Small revision to http://www.whitmanarchive.org/published/foreign/index.html: Last sentence of the introductory paragraph now reads, "Readers interested in the theoretical issues related to literary translations, digital archives, and Whitman may wish to consult  Matt Cohen's essay, 'Transgenic Deformation: Literary Translation and the Digital Archive.'"

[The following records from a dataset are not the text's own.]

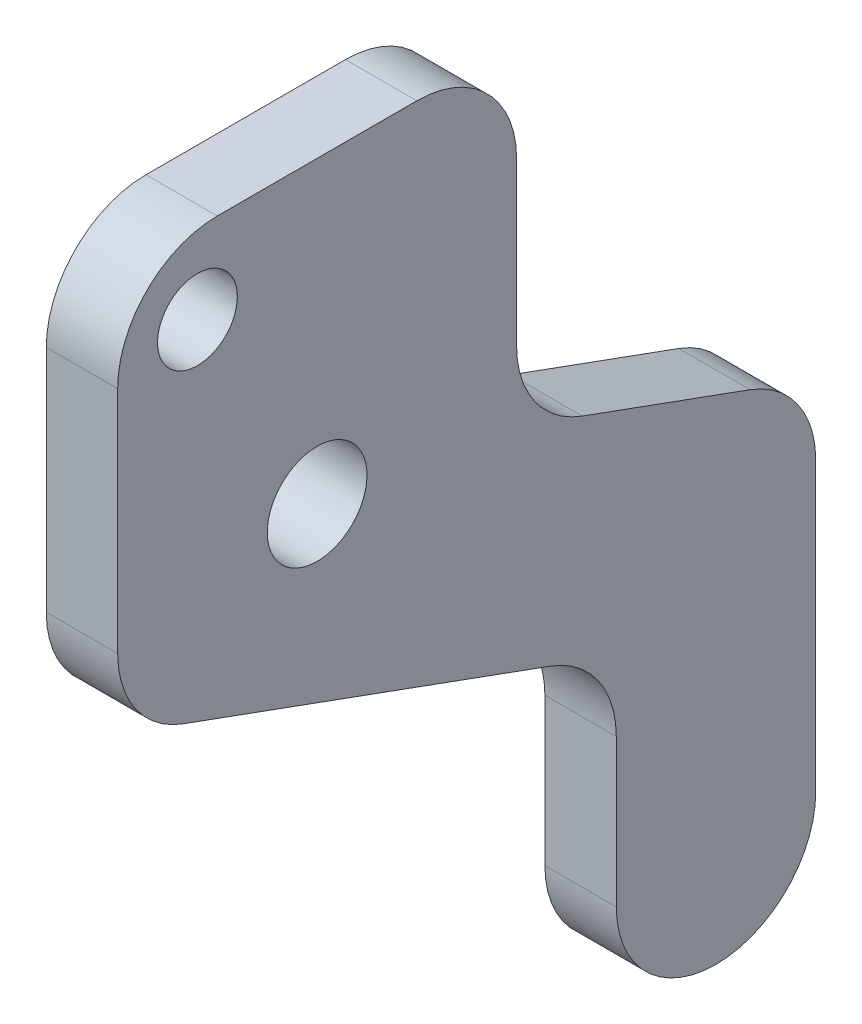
ISO-10303-21;
HEADER;
FILE_DESCRIPTION(('STEP AP214'),'2;1');
FILE_NAME('part.step','',(''),(''),'','','');
FILE_SCHEMA(('AUTOMOTIVE_DESIGN { 1 0 10303 214 1 1 1 1 }'));
ENDSEC;
DATA;
#1=APPLICATION_CONTEXT('core data for automotive mechanical design processes');
#2=APPLICATION_PROTOCOL_DEFINITION('international standard','automotive_design',2000,#1);
#3=PRODUCT_CONTEXT('',#1,'mechanical');
#4=PRODUCT('Part','Part','',(#3));
#5=PRODUCT_RELATED_PRODUCT_CATEGORY('part','',(#4));
#6=PRODUCT_DEFINITION_FORMATION('','',#4);
#7=PRODUCT_DEFINITION_CONTEXT('part definition',#1,'design');
#8=PRODUCT_DEFINITION('design','',#6,#7);
#9=PRODUCT_DEFINITION_SHAPE('','',#8);
#10=(LENGTH_UNIT() NAMED_UNIT(*) SI_UNIT(.MILLI.,.METRE.));
#11=(NAMED_UNIT(*) PLANE_ANGLE_UNIT() SI_UNIT($,.RADIAN.));
#12=(NAMED_UNIT(*) SI_UNIT($,.STERADIAN.) SOLID_ANGLE_UNIT());
#13=UNCERTAINTY_MEASURE_WITH_UNIT(LENGTH_MEASURE(1.E-05),#10,'distance_accuracy_value','');
#14=(GEOMETRIC_REPRESENTATION_CONTEXT(3) GLOBAL_UNCERTAINTY_ASSIGNED_CONTEXT((#13)) GLOBAL_UNIT_ASSIGNED_CONTEXT((#10,
#11,#12)) REPRESENTATION_CONTEXT('',''));
#15=CARTESIAN_POINT('',(0.,0.,0.));
#16=DIRECTION('',(0.,0.,1.));
#17=DIRECTION('',(1.,0.,0.));
#18=AXIS2_PLACEMENT_3D('',#15,#16,#17);
#19=CARTESIAN_POINT('',(230.378,0.,0.));
#20=DIRECTION('',(1.,0.,0.));
#21=DIRECTION('',(0.,0.,-1.));
#22=AXIS2_PLACEMENT_3D('',#19,#20,#21);
#23=PLANE('',#22);
#24=CARTESIAN_POINT('',(230.378,60.212881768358,-1160.75843540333));
#25=DIRECTION('',(1.,0.,0.));
#26=DIRECTION('',(0.,0.,-1.));
#27=AXIS2_PLACEMENT_3D('',#24,#25,#26);
#28=CIRCLE('',#27,2.54000000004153);
#29=CARTESIAN_POINT('',(230.378,60.212881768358,-1163.29843540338));
#30=VERTEX_POINT('',#29);
#31=EDGE_CURVE('E325',#30,#30,#28,.T.);
#32=ORIENTED_EDGE('',*,*,#31,.F.);
#33=EDGE_LOOP('',(#32));
#34=FACE_BOUND('',#33,.T.);
#35=DIRECTION('',(0.,1.,0.));
#36=VECTOR('',#35,1.);
#37=CARTESIAN_POINT('',(230.378,44.1630955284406,-1181.07843540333));
#38=LINE('',#37,#36);
#39=CARTESIAN_POINT('',(230.378,48.6094133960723,-1181.07843540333));
#40=VERTEX_POINT('',#39);
#41=CARTESIAN_POINT('',(230.378,58.942881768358,-1181.07843540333));
#42=VERTEX_POINT('',#41);
#43=EDGE_CURVE('E168',#40,#42,#38,.T.);
#44=ORIENTED_EDGE('',*,*,#43,.T.);
#45=CARTESIAN_POINT('',(230.378,58.942881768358,-1174.72843540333));
#46=DIRECTION('',(1.,0.,0.));
#47=DIRECTION('',(0.,0.,-1.));
#48=AXIS2_PLACEMENT_3D('',#45,#46,#47);
#49=CIRCLE('',#48,6.35);
#50=CARTESIAN_POINT('',(230.378,65.292881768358,-1174.72843540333));
#51=VERTEX_POINT('',#50);
#52=EDGE_CURVE('E225',#42,#51,#49,.T.);
#53=ORIENTED_EDGE('',*,*,#52,.T.);
#54=DIRECTION('',(0.,0.,1.));
#55=VECTOR('',#54,1.);
#56=CARTESIAN_POINT('',(230.378,65.292881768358,-1155.67843540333));
#57=LINE('',#56,#55);
#58=CARTESIAN_POINT('',(230.378,65.292881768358,-1162.02843540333));
#59=VERTEX_POINT('',#58);
#60=EDGE_CURVE('E176',#51,#59,#57,.T.);
#61=ORIENTED_EDGE('',*,*,#60,.T.);
#62=CARTESIAN_POINT('',(230.378,58.942881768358,-1162.02843540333));
#63=DIRECTION('',(1.,0.,0.));
#64=DIRECTION('',(0.,0.,-1.));
#65=AXIS2_PLACEMENT_3D('',#62,#63,#64);
#66=CIRCLE('',#65,6.35);
#67=CARTESIAN_POINT('',(230.378,58.942881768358,-1155.67843540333));
#68=VERTEX_POINT('',#67);
#69=EDGE_CURVE('E216',#59,#68,#66,.T.);
#70=ORIENTED_EDGE('',*,*,#69,.T.);
#71=DIRECTION('',(0.,-1.,0.));
#72=VECTOR('',#71,1.);
#73=CARTESIAN_POINT('',(230.378,65.292881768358,-1155.67843540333));
#74=LINE('',#73,#72);
#75=CARTESIAN_POINT('',(230.378,44.3391996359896,-1155.67843540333));
#76=VERTEX_POINT('',#75);
#77=EDGE_CURVE('E180',#68,#76,#74,.T.);
#78=ORIENTED_EDGE('',*,*,#77,.T.);
#79=CARTESIAN_POINT('',(230.378,44.3391996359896,-1162.02843540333));
#80=DIRECTION('',(1.,0.,0.));
#81=DIRECTION('',(0.,0.,-1.));
#82=AXIS2_PLACEMENT_3D('',#79,#80,#81);
#83=CIRCLE('',#82,6.35);
#84=CARTESIAN_POINT('',(230.378,38.3721514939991,-1159.85660749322));
#85=VERTEX_POINT('',#84);
#86=EDGE_CURVE('E218',#76,#85,#83,.T.);
#87=ORIENTED_EDGE('',*,*,#86,.T.);
#88=DIRECTION('',(0.,-0.342020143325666,-0.93969262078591));
#89=VECTOR('',#88,1.);
#90=CARTESIAN_POINT('',(230.378,39.892881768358,-1155.67843540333));
#91=LINE('',#90,#89);
#92=CARTESIAN_POINT('',(230.378,29.8575571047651,-1183.25026331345));
#93=VERTEX_POINT('',#92);
#94=EDGE_CURVE('E259',#85,#93,#91,.T.);
#95=ORIENTED_EDGE('',*,*,#94,.T.);
#96=CARTESIAN_POINT('',(230.378,23.8905089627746,-1181.07843540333));
#97=DIRECTION('',(1.,0.,0.));
#98=DIRECTION('',(0.,0.,-1.));
#99=AXIS2_PLACEMENT_3D('',#96,#97,#98);
#100=CIRCLE('',#99,6.35);
#101=CARTESIAN_POINT('',(230.378,23.8905089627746,-1187.42843540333));
#102=VERTEX_POINT('',#101);
#103=EDGE_CURVE('E11',#93,#102,#100,.F.);
#104=ORIENTED_EDGE('',*,*,#103,.T.);
#105=DIRECTION('',(0.,-1.,0.));
#106=VECTOR('',#105,1.);
#107=CARTESIAN_POINT('',(230.378,28.3368268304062,-1187.42843540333));
#108=LINE('',#107,#106);
#109=CARTESIAN_POINT('',(230.378,14.492881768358,-1187.42843540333));
#110=VERTEX_POINT('',#109);
#111=EDGE_CURVE('E257',#102,#110,#108,.T.);
#112=ORIENTED_EDGE('',*,*,#111,.T.);
#113=CARTESIAN_POINT('',(230.378,14.492881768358,-1193.77843540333));
#114=DIRECTION('',(1.,0.,0.));
#115=DIRECTION('',(0.,0.,-1.));
#116=AXIS2_PLACEMENT_3D('',#113,#114,#115);
#117=CIRCLE('',#116,6.35);
#118=CARTESIAN_POINT('',(230.378,8.14288176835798,-1193.77843540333));
#119=VERTEX_POINT('',#118);
#120=EDGE_CURVE('E220',#110,#119,#117,.T.);
#121=ORIENTED_EDGE('',*,*,#120,.T.);
#122=CARTESIAN_POINT('',(230.378,14.492881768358,-1193.77843540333));
#123=DIRECTION('',(1.,0.,0.));
#124=DIRECTION('',(0.,0.,-1.));
#125=AXIS2_PLACEMENT_3D('',#122,#123,#124);
#126=CIRCLE('',#125,6.35);
#127=CARTESIAN_POINT('',(230.378,14.492881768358,-1200.12843540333));
#128=VERTEX_POINT('',#127);
#129=EDGE_CURVE('E63',#119,#128,#126,.T.);
#130=ORIENTED_EDGE('',*,*,#129,.T.);
#131=DIRECTION('',(0.,1.,0.));
#132=VECTOR('',#131,1.);
#133=CARTESIAN_POINT('',(230.378,8.14288176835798,-1200.12843540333));
#134=LINE('',#133,#132);
#135=CARTESIAN_POINT('',(230.378,32.7831446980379,-1200.12843540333));
#136=VERTEX_POINT('',#135);
#137=EDGE_CURVE('E263',#128,#136,#134,.T.);
#138=ORIENTED_EDGE('',*,*,#137,.T.);
#139=CARTESIAN_POINT('',(230.378,32.7831446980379,-1193.77843540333));
#140=DIRECTION('',(1.,0.,0.));
#141=DIRECTION('',(0.,0.,-1.));
#142=AXIS2_PLACEMENT_3D('',#139,#140,#141);
#143=CIRCLE('',#142,6.35);
#144=CARTESIAN_POINT('',(230.378,38.7501928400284,-1195.95026331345));
#145=VERTEX_POINT('',#144);
#146=EDGE_CURVE('E223',#136,#145,#143,.T.);
#147=ORIENTED_EDGE('',*,*,#146,.T.);
#148=DIRECTION('',(0.,0.342020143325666,0.93969262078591));
#149=VECTOR('',#148,1.);
#150=CARTESIAN_POINT('',(230.378,37.2294625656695,-1200.12843540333));
#151=LINE('',#150,#149);
#152=CARTESIAN_POINT('',(230.378,42.6423652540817,-1185.25660749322));
#153=VERTEX_POINT('',#152);
#154=EDGE_CURVE('E265',#145,#153,#151,.T.);
#155=ORIENTED_EDGE('',*,*,#154,.T.);
#156=CARTESIAN_POINT('',(230.378,48.6094133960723,-1187.42843540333));
#157=DIRECTION('',(1.,0.,0.));
#158=DIRECTION('',(0.,0.,-1.));
#159=AXIS2_PLACEMENT_3D('',#156,#157,#158);
#160=CIRCLE('',#159,6.35);
#161=EDGE_CURVE('E158',#153,#40,#160,.F.);
#162=ORIENTED_EDGE('',*,*,#161,.T.);
#163=EDGE_LOOP('',(#44,#53,#61,#70,#78,#87,#95,#104,#112,#121,#130,#138,#147,#155,#162));
#164=FACE_BOUND('',#163,.T.);
#165=CARTESIAN_POINT('',(230.378,46.242881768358,-1168.37843540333));
#166=DIRECTION('',(1.,0.,0.));
#167=DIRECTION('',(0.,1.,0.));
#168=AXIS2_PLACEMENT_3D('',#165,#166,#167);
#169=CIRCLE('',#168,3.17500000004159);
#170=CARTESIAN_POINT('',(230.378,49.4178817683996,-1168.37843540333));
#171=VERTEX_POINT('',#170);
#172=EDGE_CURVE('E276',#171,#171,#169,.T.);
#173=ORIENTED_EDGE('',*,*,#172,.F.);
#174=EDGE_LOOP('',(#173));
#175=FACE_BOUND('',#174,.T.);
#176=ADVANCED_FACE('F40',(#34,#164,#175),#23,.T.);
#177=CARTESIAN_POINT('',(225.8314,0.,0.));
#178=DIRECTION('',(1.,0.,0.));
#179=DIRECTION('',(0.,0.,-1.));
#180=AXIS2_PLACEMENT_3D('',#177,#178,#179);
#181=PLANE('',#180);
#182=CARTESIAN_POINT('',(225.8314,60.212881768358,-1160.75843540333));
#183=DIRECTION('',(1.,0.,0.));
#184=DIRECTION('',(0.,0.,-1.));
#185=AXIS2_PLACEMENT_3D('',#182,#183,#184);
#186=CIRCLE('',#185,2.54000000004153);
#187=CARTESIAN_POINT('',(225.8314,60.212881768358,-1163.29843540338));
#188=VERTEX_POINT('',#187);
#189=EDGE_CURVE('E323',#188,#188,#186,.T.);
#190=ORIENTED_EDGE('',*,*,#189,.T.);
#191=EDGE_LOOP('',(#190));
#192=FACE_BOUND('',#191,.T.);
#193=DIRECTION('',(0.,0.,1.));
#194=VECTOR('',#193,1.);
#195=CARTESIAN_POINT('',(225.8314,65.292881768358,-1155.67843540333));
#196=LINE('',#195,#194);
#197=CARTESIAN_POINT('',(225.8314,65.292881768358,-1174.72843540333));
#198=VERTEX_POINT('',#197);
#199=CARTESIAN_POINT('',(225.8314,65.292881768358,-1162.02843540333));
#200=VERTEX_POINT('',#199);
#201=EDGE_CURVE('E273',#198,#200,#196,.T.);
#202=ORIENTED_EDGE('',*,*,#201,.F.);
#203=CARTESIAN_POINT('',(225.8314,58.942881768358,-1174.72843540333));
#204=DIRECTION('',(1.,0.,0.));
#205=DIRECTION('',(0.,0.,-1.));
#206=AXIS2_PLACEMENT_3D('',#203,#204,#205);
#207=CIRCLE('',#206,6.35);
#208=CARTESIAN_POINT('',(225.8314,58.942881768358,-1181.07843540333));
#209=VERTEX_POINT('',#208);
#210=EDGE_CURVE('E175',#198,#209,#207,.F.);
#211=ORIENTED_EDGE('',*,*,#210,.T.);
#212=DIRECTION('',(0.,1.,0.));
#213=VECTOR('',#212,1.);
#214=CARTESIAN_POINT('',(225.8314,44.1630955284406,-1181.07843540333));
#215=LINE('',#214,#213);
#216=CARTESIAN_POINT('',(225.8314,48.6094133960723,-1181.07843540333));
#217=VERTEX_POINT('',#216);
#218=EDGE_CURVE('E165',#217,#209,#215,.T.);
#219=ORIENTED_EDGE('',*,*,#218,.F.);
#220=CARTESIAN_POINT('',(225.8314,48.6094133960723,-1187.42843540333));
#221=DIRECTION('',(1.,0.,0.));
#222=DIRECTION('',(0.,0.,-1.));
#223=AXIS2_PLACEMENT_3D('',#220,#221,#222);
#224=CIRCLE('',#223,6.35);
#225=CARTESIAN_POINT('',(225.8314,42.6423652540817,-1185.25660749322));
#226=VERTEX_POINT('',#225);
#227=EDGE_CURVE('E148',#217,#226,#224,.T.);
#228=ORIENTED_EDGE('',*,*,#227,.T.);
#229=DIRECTION('',(0.,0.342020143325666,0.93969262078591));
#230=VECTOR('',#229,1.);
#231=CARTESIAN_POINT('',(225.8314,37.2294625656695,-1200.12843540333));
#232=LINE('',#231,#230);
#233=CARTESIAN_POINT('',(225.8314,38.7501928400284,-1195.95026331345));
#234=VERTEX_POINT('',#233);
#235=EDGE_CURVE('E177',#234,#226,#232,.T.);
#236=ORIENTED_EDGE('',*,*,#235,.F.);
#237=CARTESIAN_POINT('',(225.8314,32.7831446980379,-1193.77843540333));
#238=DIRECTION('',(1.,0.,0.));
#239=DIRECTION('',(0.,0.,-1.));
#240=AXIS2_PLACEMENT_3D('',#237,#238,#239);
#241=CIRCLE('',#240,6.35);
#242=CARTESIAN_POINT('',(225.8314,32.7831446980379,-1200.12843540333));
#243=VERTEX_POINT('',#242);
#244=EDGE_CURVE('E213',#234,#243,#241,.F.);
#245=ORIENTED_EDGE('',*,*,#244,.T.);
#246=DIRECTION('',(0.,1.,0.));
#247=VECTOR('',#246,1.);
#248=CARTESIAN_POINT('',(225.8314,8.14288176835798,-1200.12843540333));
#249=LINE('',#248,#247);
#250=CARTESIAN_POINT('',(225.8314,14.492881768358,-1200.12843540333));
#251=VERTEX_POINT('',#250);
#252=EDGE_CURVE('E182',#251,#243,#249,.T.);
#253=ORIENTED_EDGE('',*,*,#252,.F.);
#254=CARTESIAN_POINT('',(225.8314,14.492881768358,-1193.77843540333));
#255=DIRECTION('',(1.,0.,0.));
#256=DIRECTION('',(0.,0.,-1.));
#257=AXIS2_PLACEMENT_3D('',#254,#255,#256);
#258=CIRCLE('',#257,6.35);
#259=CARTESIAN_POINT('',(225.8314,8.14288176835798,-1193.77843540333));
#260=VERTEX_POINT('',#259);
#261=EDGE_CURVE('E211',#251,#260,#258,.F.);
#262=ORIENTED_EDGE('',*,*,#261,.T.);
#263=CARTESIAN_POINT('',(225.8314,14.492881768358,-1193.77843540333));
#264=DIRECTION('',(1.,0.,0.));
#265=DIRECTION('',(0.,0.,-1.));
#266=AXIS2_PLACEMENT_3D('',#263,#264,#265);
#267=CIRCLE('',#266,6.35);
#268=CARTESIAN_POINT('',(225.8314,14.492881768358,-1187.42843540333));
#269=VERTEX_POINT('',#268);
#270=EDGE_CURVE('E209',#260,#269,#267,.F.);
#271=ORIENTED_EDGE('',*,*,#270,.T.);
#272=DIRECTION('',(0.,-1.,0.));
#273=VECTOR('',#272,1.);
#274=CARTESIAN_POINT('',(225.8314,28.3368268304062,-1187.42843540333));
#275=LINE('',#274,#273);
#276=CARTESIAN_POINT('',(225.8314,23.8905089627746,-1187.42843540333));
#277=VERTEX_POINT('',#276);
#278=EDGE_CURVE('E241',#277,#269,#275,.T.);
#279=ORIENTED_EDGE('',*,*,#278,.F.);
#280=CARTESIAN_POINT('',(225.8314,23.8905089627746,-1181.07843540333));
#281=DIRECTION('',(1.,0.,0.));
#282=DIRECTION('',(0.,0.,-1.));
#283=AXIS2_PLACEMENT_3D('',#280,#281,#282);
#284=CIRCLE('',#283,6.35);
#285=CARTESIAN_POINT('',(225.8314,29.8575571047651,-1183.25026331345));
#286=VERTEX_POINT('',#285);
#287=EDGE_CURVE('E49',#277,#286,#284,.T.);
#288=ORIENTED_EDGE('',*,*,#287,.T.);
#289=DIRECTION('',(0.,-0.342020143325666,-0.93969262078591));
#290=VECTOR('',#289,1.);
#291=CARTESIAN_POINT('',(225.8314,39.892881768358,-1155.67843540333));
#292=LINE('',#291,#290);
#293=CARTESIAN_POINT('',(225.8314,38.3721514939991,-1159.85660749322));
#294=VERTEX_POINT('',#293);
#295=EDGE_CURVE('E239',#294,#286,#292,.T.);
#296=ORIENTED_EDGE('',*,*,#295,.F.);
#297=CARTESIAN_POINT('',(225.8314,44.3391996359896,-1162.02843540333));
#298=DIRECTION('',(1.,0.,0.));
#299=DIRECTION('',(0.,0.,-1.));
#300=AXIS2_PLACEMENT_3D('',#297,#298,#299);
#301=CIRCLE('',#300,6.35);
#302=CARTESIAN_POINT('',(225.8314,44.3391996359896,-1155.67843540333));
#303=VERTEX_POINT('',#302);
#304=EDGE_CURVE('E207',#294,#303,#301,.F.);
#305=ORIENTED_EDGE('',*,*,#304,.T.);
#306=DIRECTION('',(0.,-1.,0.));
#307=VECTOR('',#306,1.);
#308=CARTESIAN_POINT('',(225.8314,65.292881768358,-1155.67843540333));
#309=LINE('',#308,#307);
#310=CARTESIAN_POINT('',(225.8314,58.942881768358,-1155.67843540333));
#311=VERTEX_POINT('',#310);
#312=EDGE_CURVE('E250',#311,#303,#309,.T.);
#313=ORIENTED_EDGE('',*,*,#312,.F.);
#314=CARTESIAN_POINT('',(225.8314,58.942881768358,-1162.02843540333));
#315=DIRECTION('',(1.,0.,0.));
#316=DIRECTION('',(0.,0.,-1.));
#317=AXIS2_PLACEMENT_3D('',#314,#315,#316);
#318=CIRCLE('',#317,6.35);
#319=EDGE_CURVE('E205',#311,#200,#318,.F.);
#320=ORIENTED_EDGE('',*,*,#319,.T.);
#321=EDGE_LOOP('',(#202,#211,#219,#228,#236,#245,#253,#262,#271,#279,#288,#296,#305,#313,#320));
#322=FACE_BOUND('',#321,.T.);
#323=CARTESIAN_POINT('',(225.8314,46.242881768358,-1168.37843540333));
#324=DIRECTION('',(1.,0.,0.));
#325=DIRECTION('',(0.,1.,0.));
#326=AXIS2_PLACEMENT_3D('',#323,#324,#325);
#327=CIRCLE('',#326,3.17500000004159);
#328=CARTESIAN_POINT('',(225.8314,49.4178817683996,-1168.37843540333));
#329=VERTEX_POINT('',#328);
#330=EDGE_CURVE('E331',#329,#329,#327,.T.);
#331=ORIENTED_EDGE('',*,*,#330,.T.);
#332=EDGE_LOOP('',(#331));
#333=FACE_BOUND('',#332,.T.);
#334=ADVANCED_FACE('F173',(#192,#322,#333),#181,.F.);
#335=CARTESIAN_POINT('',(230.378,65.292881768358,-1155.67843540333));
#336=DIRECTION('',(0.,-1.,0.));
#337=DIRECTION('',(1.,0.,0.));
#338=AXIS2_PLACEMENT_3D('',#335,#336,#337);
#339=PLANE('',#338);
#340=ORIENTED_EDGE('',*,*,#60,.F.);
#341=DIRECTION('',(-1.,0.,0.));
#342=VECTOR('',#341,1.);
#343=CARTESIAN_POINT('',(230.378,65.292881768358,-1174.72843540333));
#344=LINE('',#343,#342);
#345=EDGE_CURVE('E202',#51,#198,#344,.T.);
#346=ORIENTED_EDGE('',*,*,#345,.T.);
#347=ORIENTED_EDGE('',*,*,#201,.T.);
#348=DIRECTION('',(-1.,0.,0.));
#349=VECTOR('',#348,1.);
#350=CARTESIAN_POINT('',(230.378,65.292881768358,-1162.02843540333));
#351=LINE('',#350,#349);
#352=EDGE_CURVE('E200',#200,#59,#351,.F.);
#353=ORIENTED_EDGE('',*,*,#352,.T.);
#354=EDGE_LOOP('',(#340,#346,#347,#353));
#355=FACE_BOUND('',#354,.T.);
#356=ADVANCED_FACE('F304',(#355),#339,.F.);
#357=CARTESIAN_POINT('',(230.378,65.292881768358,-1155.67843540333));
#358=DIRECTION('',(0.,0.,-1.));
#359=DIRECTION('',(-1.,0.,0.));
#360=AXIS2_PLACEMENT_3D('',#357,#358,#359);
#361=PLANE('',#360);
#362=ORIENTED_EDGE('',*,*,#312,.T.);
#363=DIRECTION('',(-1.,0.,0.));
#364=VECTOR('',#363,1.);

Previously read, "Users may also be interested in reading Matt Cohen's essay, 'Transgenic Deformation: Literary Translation and the Digital Archive,' which discusses some of the theoretical issues related to literary translations, digital archives, and Whitman."

Wednesday, May 7, 2008

Essay Added

Added Matt Cohen's essay, "Transgenic Deformation: Literary Translation and the Digital Archive," to the Articles and Interviews About the Archive section of the site. We also now link to this essay from the index page of Editions Printed Outside the U.S.

~Liz

Tuesday, May 6, 2008

"Beat! Beat! Drums!" Periodical Printing Updated

Whitman's Poems in Periodicals now features the Harper's Weekly printing of "Beat! Beat! Drums!" as the poem's first publication. I have taken down the Boston Daily Evening Transcript printing, revised the Harper's Weekly headnote, and revised the transcription of the poem according to the Harper's Weekly printing. A page image of the poem is forthcoming. The publication information following the transcription now includes the following note, in explanation of the change:

Publication Information
"Beat! Beat! Drums!."  Harper's Weekly  5 (28 September 1861):  623.  Although dated 28 September 1861, the issue of Harper's Weekly featuring Whitman's "Beat! Beat! Drums!" actually appeared one week earlier, on 21 September 1861. (See Sculley Bradley and Harold W. Blodgett, ed., Leaves of Grass: A Norton Critical Edition [New York: W. W. Norton, 1973] and Ted Genoways, Walt Whitman and the Civil War: America's Poet During the Lost Years of 1860–1862 [Berkeley: University of California Press, forthcoming].) The poem appeared on the same day in the weekly newspaper the New York Leader, also dated 28 September 1861. The poem was reprinted in the Brooklyn Daily Eagle on 23 September 1861 and the Boston Daily Evening Transcript on 24 September 1861. The Brooklyn Daily Eagle printing includes the attribution, "From Harper's Weekly." In the following weeks, the poem appeared in numerous other newspapers throughout the United States. Whitman included the poem, with slight revision, in Drum-Taps (1865).

~Liz

Wednesday, April 30, 2008

Finding Aids / Boston Public Library

Added new images to the figures folder and updated links to new versos. We now have and are displaying to the public all of the images for this collection.

Stacey

Tuesday, April 29, 2008

Changes to Periodicals Section

Updated bibliography, some headnotes, and poem pages based on proofreading and content suggestions from student workers.

--Liz

Camp 2007 goals updated

Added Sabrina's info. about her progress in adding notes to the old reviews files.

Brett

Monday, April 28, 2008

Debris in 1860 and 1867 editions of Leaves

I've revised the XML of the 1860 and 1867 editions of Leaves of Grass to reflect the editorial decision that "Debris" is a cluster of untitled poems rather than a single poem. Besides changing <lg1 type="poem">Debris</lg1> to <lg1 type="cluster">Debris</lg1> and putting <lg2 type="poem"> tags around the individual poems, I've also added <relations> to each poem. In this process, nine new work IDs were created for poems not present in the deathbed and "Debris (Poem)" was removed as a Work.

Brett

Finding Aids / Boston University

Replaced all images and added verso links with new scans received from the collection 04/10.

Stacey

April 2008

New material added to the site: two Russian translations of Whitman; the third volume of With Walt Whitman in Camden; and an editorial policy statement.